Scanning electron microscopy of trichoid sensilla from w¹¹¹⁸, tod¹, and tot¹. Trichoid sensilla, identified by their long slender morphology and sharp tips, are distributed on the anterior surface of the antenna regions in w¹¹¹⁸ (A), tod¹ (B), and tot¹ (C) animals. Scale bar, 10 μm. Number of trichoid sensilla (D) and large basiconic (E) were quantified for each genotype. n = 6 antenna for each genotype. Error bars represent SEM. ***p < 0.01 was considered significant. There is a significant difference between wild type and tod¹, but not wild type and tot¹.

Figure 3.

Expression of Or67d is defective in tod¹ and tot¹ mutants. A, Schematic diagrams of Or83b and Or67d gene fragments and the relative location of the PCR primers. Primers were chosen to span an intron to discriminate genomic contamination from cDNA products. The thick line denotes the exon sequences, and the thin line denotes the intron region of each gene fragment. The expected cDNA size of the RT-PCR products was 296 bp for Or67d and 269 bp for Or83b. The expected genomic DNA size of the RT-PCR products was 368 bp for Or67d and 630 bp for Or83b. The arrows indicate priming sites for each specific primer sets. B, Or67d in tod¹ and tot¹ mutants flies is absent or dramatically reduced (long arrow). Or83b was used as a positive control for RNA integrity and RT quality (short arrow). C, RNA in situ hybridization with antisense probes to Or83b (left panels; red colors) and Or67d (right panels; green colors) in w¹¹¹⁸, tod¹, and tot¹ mutants. The bottom panel shows antisense labeling in antennas misexpressing Or67d under control of the ELAV promoter. Or83 and Or67d signals were amplified with TSA-Plus Cy5 (red) or TSA-Plus Fluorescence systems (green).

Figure 4.

Non-T1 neurons misexpressing Or67d display VA-induced, dose-dependent activity.

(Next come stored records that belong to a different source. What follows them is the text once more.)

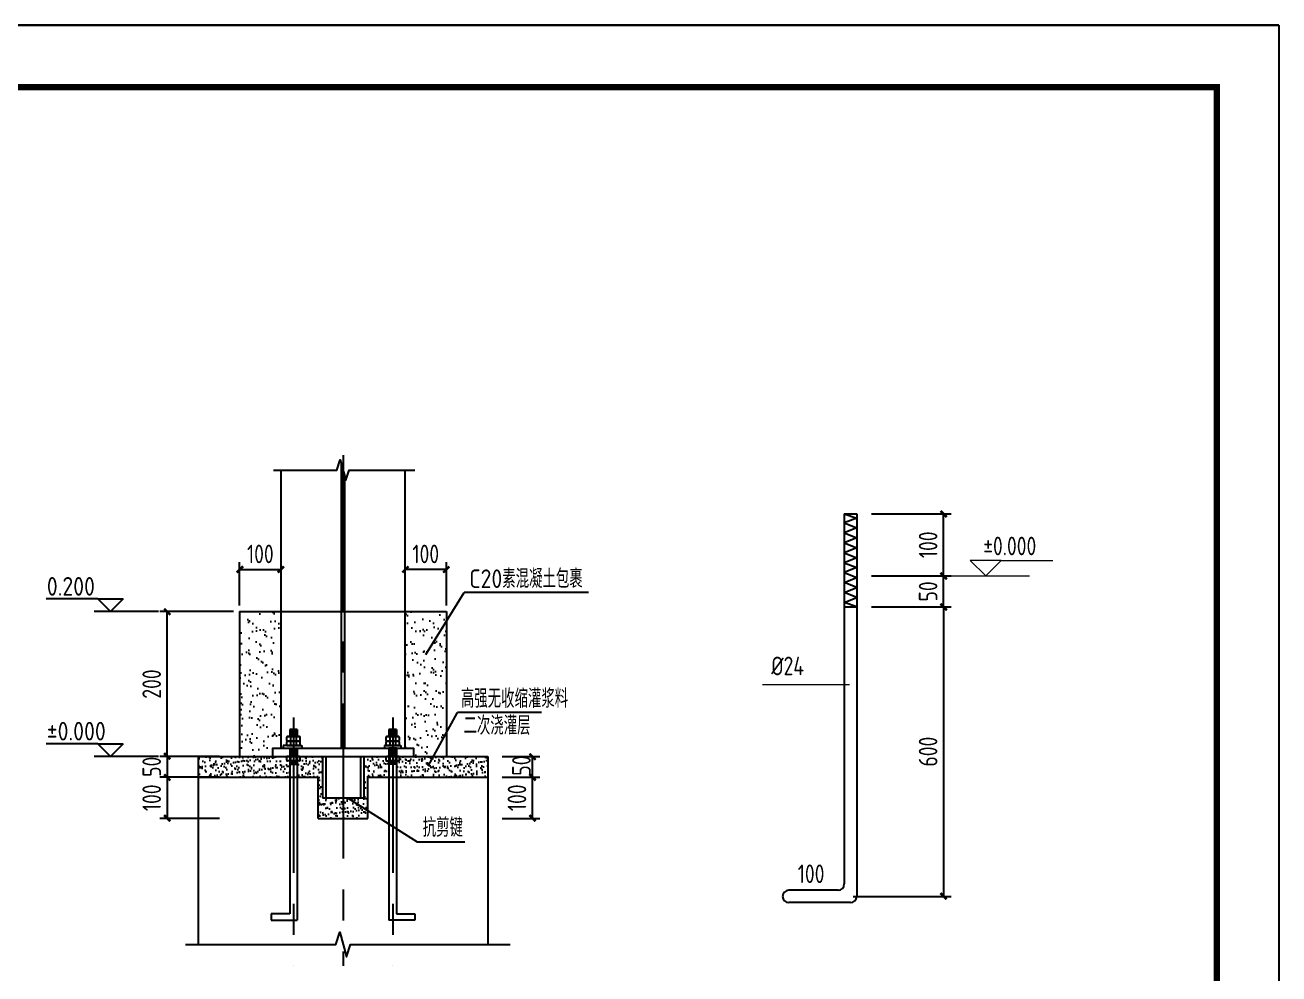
# Model space of a CAD drawing. Header units: millimetres. Extents: x 865490 to 879904, y 39442 to 44891.
# Drawn here: x 870354 to 870556, y 39889.3 to 40042.3 of the extents above; entities that cross this region are included whole.
import ezdxf

# ---------------------------------------------------------------- set-up
doc = ezdxf.new("R2010")
doc.units = ezdxf.units.MM
doc.header["$LTSCALE"] = 1000
doc.header["$MEASUREMENT"] = 0
doc.linetypes.add('CENTER', pattern=[2, 1.25, -0.25, 0.25, -0.25])
doc.linetypes.add('DOTE', pattern=[2.42, 2, -0.2, 0.02, -0.2])
for name, color, linetype in [('AXIS', 3, 'Continuous'), ('COLUMN', 9, 'Continuous'), ('D1', 112, 'Continuous'), ('D2', 6, 'Continuous'), ('DIM', 7, 'Continuous'), ('DOTE', 1, 'DOTE'), ('OTHER', 2, 'Continuous'), ('Prof', 2, 'Continuous'), ('PUB_DIM', 3, 'Continuous'), ('尺寸标注', 7, 'Continuous'), ('支撑', 6, 'Continuous'), ('柱', 2, 'Continuous'), ('柱集中标注', 2, 'Continuous'), ('梁', 4, 'Continuous'), ('螺栓孔标注', 253, 'Continuous')]:
    doc.layers.add(name, color=color, linetype=linetype)
doc.layers.add('D3', color=62, linetype='Continuous', lineweight=9)
doc.styles.add('GBHZ', font='gbenor.shx', dxfattribs={"width": 0.9, "bigfont": 'gbcbig.shx'})
doc.dimstyles.new('Y10', dxfattribs={"dimscale": 0, "dimtxt": 3, "dimasz": 0.01, "dimexe": 1.2, "dimexo": 1, "dimgap": 1, "dimtad": 1, "dimdec": 0, "dimlfac": 10, "dimzin": 0, "dimdsep": 46, "dimtxsty": 'GBHZ', "dimblk1": 'DX', "dimblk2": 'DX', "dimsah": 1, "dimcen": 0.09, "dimdle": 1, "dimadec": 0, "dimazin": 0, "dimtfac": 1, "dimtdec": 0, "dimtix": 1, "dimtmove": 2, "dimatfit": 3, "dimldrblk": 'DX', "dimfxl": 0, "dimtolj": 1, "dimtzin": 0, "dimarcsym": 0})
doc.dimstyles.new('Y15', dxfattribs={"dimscale": 0, "dimtxt": 3, "dimasz": 0.01, "dimexe": 1.2, "dimexo": 1, "dimgap": 1, "dimtad": 1, "dimdec": 0, "dimlfac": 15, "dimzin": 0, "dimdsep": 46, "dimtxsty": 'GBHZ', "dimblk1": 'DX', "dimblk2": 'DX', "dimsah": 1, "dimcen": 0.09, "dimdle": 1, "dimadec": 0, "dimazin": 0, "dimtfac": 1, "dimtdec": 0, "dimtix": 1, "dimtmove": 2, "dimatfit": 3, "dimldrblk": 'DX', "dimfxl": 0, "dimtolj": 1, "dimtzin": 0, "dimarcsym": 0})
pattern_1 = [(37.5, (505280.9831, -184354.4873), (-0.041995572, 1.2845491793), [0, -1.0133333333, 0, -1.1333333333, 0, -1.0833333333]), (7.5, (505280.983, -184354.4873), (1.179851137, 1.88143071), [0, -0.5466666667, 0, -0.9133333333, 0, -0.35]), (327.5, (505280.1631, -184354.4873), (2.0760945745, 0.0037727024), [0, -0.3333333333, 0, -1.2, 0, -1.5666666667]), (317.5, (505280.163, -184354.4873), (2.004084403, 0.585117043), [0, -0.1666666667, 0, -0.7866666667, 0, -0.9])]
pattern_2 = [(37.5, (505280.983, -184354.4873), (-0.083991144, 2.569098359), [0, -2.026666667, 0, -2.266666667, 0, -2.166666667]), (7.5, (505280.983, -184354.4873), (2.359702274, 3.76286142), [0, -1.093333333, 0, -1.826666667, 0, -0.7]), (327.5, (505279.343, -184354.4873), (4.152189149, 0.007545405), [0, -0.666666667, 0, -2.4, 0, -3.133333333]), (317.5, (505279.343, -184354.4873), (4.008168806, 1.170234087), [0, -0.333333333, 0, -1.573333333, 0, -1.8])]

# ---------------------------------------------------------------- blocks, each defined once
blk = doc.blocks.new('DX')
at = {"color": 0, "linetype": 'ByBlock', "const_width": 40}
blk.add_lwpolyline([(-54, -51), (46, 49)], dxfattribs=at)
blk = doc.blocks.new('*D1728')
at = {"layer": 'Defpoints', "color": 0, "linetype": 'ByBlock', "transparency": 16777216}
for p in [(870429.84, 39921.01), (870435.73, 39921.01), (870429.84, 39914.35)]:
    blk.add_point(p, dxfattribs=at)
at = {"layer": 'dim', "color": 0, "linetype": 'ByBlock', "lineweight": -2, "transparency": 16777216}
for p, q in [((870430.84, 39921.01), (870436.93, 39921.01)), ((870435.73, 39914.36), (870435.73, 39921)), ((870430.84, 39914.35), (870436.93, 39914.35))]:
    blk.add_line(p, q, dxfattribs=at)
at = {"layer": 'dim', "color": 0, "linetype": 'ByBlock', "lineweight": -2, "transparency": 16777216, "xscale": 0.01, "yscale": 0.01, "zscale": 0.01}
for p, rotation in [((870435.73, 39921.01), 90), ((870435.73, 39914.35), 270)]:
    blk.add_blockref('DX', p, dxfattribs=dict(at, rotation=rotation))
at = {"layer": 'dim', "color": 0, "linetype": 'ByBlock', "transparency": 16777216, "insert": (870433.23, 39917.68), "char_height": 3, "attachment_point": 5, "rotation": 90, "style": 'GBHZ'}
blk.add_mtext('\\A1;100', dxfattribs=at)
blk = doc.blocks.new('*D1729')
at = {"layer": 'Defpoints', "color": 0, "linetype": 'ByBlock', "transparency": 16777216}
for p in [(870429.84, 39924.35), (870435.73, 39924.35), (870429.84, 39921.01)]:
    blk.add_point(p, dxfattribs=at)
at = {"layer": 'dim', "color": 0, "linetype": 'ByBlock', "lineweight": -2, "transparency": 16777216}
for p, q in [((870430.84, 39924.35), (870436.93, 39924.35)), ((870435.73, 39921.02), (870435.73, 39924.34)), ((870430.84, 39921.01), (870436.93, 39921.01))]:
    blk.add_line(p, q, dxfattribs=at)
at = {"layer": 'dim', "color": 0, "linetype": 'ByBlock', "lineweight": -2, "transparency": 16777216, "xscale": 0.01, "yscale": 0.01, "zscale": 0.01}
for p, rotation in [((870435.73, 39924.35), 90), ((870435.73, 39921.01), 270)]:
    blk.add_blockref('DX', p, dxfattribs=dict(at, rotation=rotation))
at = {"layer": 'dim', "color": 0, "linetype": 'ByBlock', "transparency": 16777216, "insert": (870433.95, 39922.87), "char_height": 3, "attachment_point": 5, "rotation": 90, "style": 'GBHZ'}
blk.add_mtext('\\A1;50', dxfattribs=at)
blk = doc.blocks.new('*D1735')
at = {"layer": 'Defpoints', "color": 0, "linetype": 'ByBlock', "transparency": 16777216}
for p in [(870386.26, 39924.35), (870376.86, 39921.01), (870386.26, 39921.01)]:
    blk.add_point(p, dxfattribs=at)
at = {"layer": 'dim', "color": 0, "linetype": 'ByBlock', "lineweight": -2, "transparency": 16777216}
for p, q in [((870385.26, 39924.35), (870375.66, 39924.35)), ((870376.86, 39924.36), (870376.86, 39924.37)), ((870376.86, 39924.35), (870376.86, 39921.01)), ((870385.26, 39921.01), (870375.66, 39921.01)), ((870376.86, 39921), (870376.86, 39920.99))]:
    blk.add_line(p, q, dxfattribs=at)
at = {"layer": 'dim', "color": 0, "linetype": 'ByBlock', "lineweight": -2, "transparency": 16777216, "xscale": 0.01, "yscale": 0.01, "zscale": 0.01}
for p, rotation in [((870376.86, 39924.35), 270), ((870376.86, 39921.01), 90)]:
    blk.add_blockref('DX', p, dxfattribs=dict(at, rotation=rotation))
at = {"layer": 'dim', "color": 0, "linetype": 'ByBlock', "transparency": 16777216, "insert": (870374.36, 39922.68), "char_height": 3, "attachment_point": 5, "rotation": 90, "style": 'GBHZ'}
blk.add_mtext('\\A1;50', dxfattribs=at)
blk = doc.blocks.new('*D1736')
at = {"layer": 'Defpoints', "color": 0, "linetype": 'ByBlock', "transparency": 16777216}
for p in [(870386.26, 39921.01), (870376.86, 39914.35), (870386.26, 39914.35)]:
    blk.add_point(p, dxfattribs=at)
at = {"layer": 'dim', "color": 0, "linetype": 'ByBlock', "lineweight": -2, "transparency": 16777216}
for p, q in [((870385.26, 39921.01), (870375.66, 39921.01)), ((870376.86, 39921), (870376.86, 39914.36)), ((870385.26, 39914.35), (870375.66, 39914.35))]:
    blk.add_line(p, q, dxfattribs=at)
at = {"layer": 'dim', "color": 0, "linetype": 'ByBlock', "lineweight": -2, "transparency": 16777216, "xscale": 0.01, "yscale": 0.01, "zscale": 0.01}
for p, rotation in [((870376.86, 39921.01), 90), ((870376.86, 39914.35), 270)]:
    blk.add_blockref('DX', p, dxfattribs=dict(at, rotation=rotation))
at = {"layer": 'dim', "color": 0, "linetype": 'ByBlock', "transparency": 16777216, "insert": (870374.36, 39917.68), "char_height": 3, "attachment_point": 5, "rotation": 90, "style": 'GBHZ'}
blk.add_mtext('\\A1;100', dxfattribs=at)
blk = doc.blocks.new('*D1737')
at = {"layer": 'Defpoints', "color": 0, "linetype": 'ByBlock', "transparency": 16777216}
for p in [(870395.2, 39954.49), (870388.53, 39947.7), (870395.2, 39948.23)]:
    blk.add_point(p, dxfattribs=at)
at = {"layer": 'dim', "color": 0, "linetype": 'ByBlock', "lineweight": -2, "transparency": 16777216}
for p, q in [((870388.53, 39948.7), (870388.53, 39955.69)), ((870395.2, 39949.23), (870395.2, 39955.69)), ((870388.54, 39954.49), (870395.19, 39954.49))]:
    blk.add_line(p, q, dxfattribs=at)
at = {"layer": 'dim', "color": 0, "linetype": 'ByBlock', "lineweight": -2, "transparency": 16777216, "xscale": 0.01, "yscale": 0.01, "zscale": 0.01, "rotation": 180}
blk.add_blockref('DX', (870388.53, 39954.49), dxfattribs=at)
at = {"layer": 'dim', "color": 0, "linetype": 'ByBlock', "lineweight": -2, "transparency": 16777216, "xscale": 0.01, "yscale": 0.01, "zscale": 0.01}
blk.add_blockref('DX', (870395.2, 39954.49), dxfattribs=at)
at = {"layer": 'dim', "color": 0, "linetype": 'ByBlock', "transparency": 16777216, "insert": (870391.87, 39956.99), "char_height": 3, "attachment_point": 5, "style": 'GBHZ'}
blk.add_mtext('\\A1;100', dxfattribs=at)
blk = doc.blocks.new('*D1738')
at = {"layer": 'Defpoints', "color": 0, "linetype": 'ByBlock', "transparency": 16777216}
for p in [(870376.86, 39947.7), (870388.53, 39947.7), (870386.26, 39924.35)]:
    blk.add_point(p, dxfattribs=at)
at = {"layer": 'dim', "color": 0, "linetype": 'ByBlock', "lineweight": -2, "transparency": 16777216}
for p, q in [((870387.53, 39947.7), (870375.66, 39947.7)), ((870376.86, 39924.36), (870376.86, 39947.69)), ((870385.26, 39924.35), (870375.66, 39924.35))]:
    blk.add_line(p, q, dxfattribs=at)
at = {"layer": 'dim', "color": 0, "linetype": 'ByBlock', "lineweight": -2, "transparency": 16777216, "xscale": 0.01, "yscale": 0.01, "zscale": 0.01}
for p, rotation in [((870376.86, 39947.7), 90), ((870376.86, 39924.35), 270)]:
    blk.add_blockref('DX', p, dxfattribs=dict(at, rotation=rotation))
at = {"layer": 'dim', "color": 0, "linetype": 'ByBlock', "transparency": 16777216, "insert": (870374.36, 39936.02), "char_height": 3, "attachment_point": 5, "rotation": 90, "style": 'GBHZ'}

Typical single-unit recordings of non-T1 and T1 sensillum at different concentrations of VA in w¹¹¹⁸ controls and flies misexpressing Or67d. Action potentials from single sensilla were recorded with different stimulus concentrations of VA from 0.1 to 100%. The gray bars above each group represent duration of VA application (300 ms). The graph shows dose–response curves for wild-type T1 neurons (diamonds), non-T1 neurons misexpressing Or67d (squares), and w¹¹¹⁸ non-T1 (circles). Note dose-dependent VA activation in non-T1 neurons from flies misexpressing Or67d, but not in the wild-type non-T1 neurons. The relative overexpression of Or67d in the T1 sensilla of the pELAV-Gal4; UAS Or67d animals did not alter VA sensitivity compared with wild-type T1 neurons. The experimental data were fitted with a logistic function, derived from the Hill equation (Hill, 1910). The statistical means and SEs were calculated using the values obtained from at least six independent experiments. Bottom panels, Representative raw traces from trichoid sensilla of flies misexpressing Or67d in the lush¹ mutant background. VA responses are absent in both T1 and non-T1 sensilla. Each data point represents the mean ± SEM.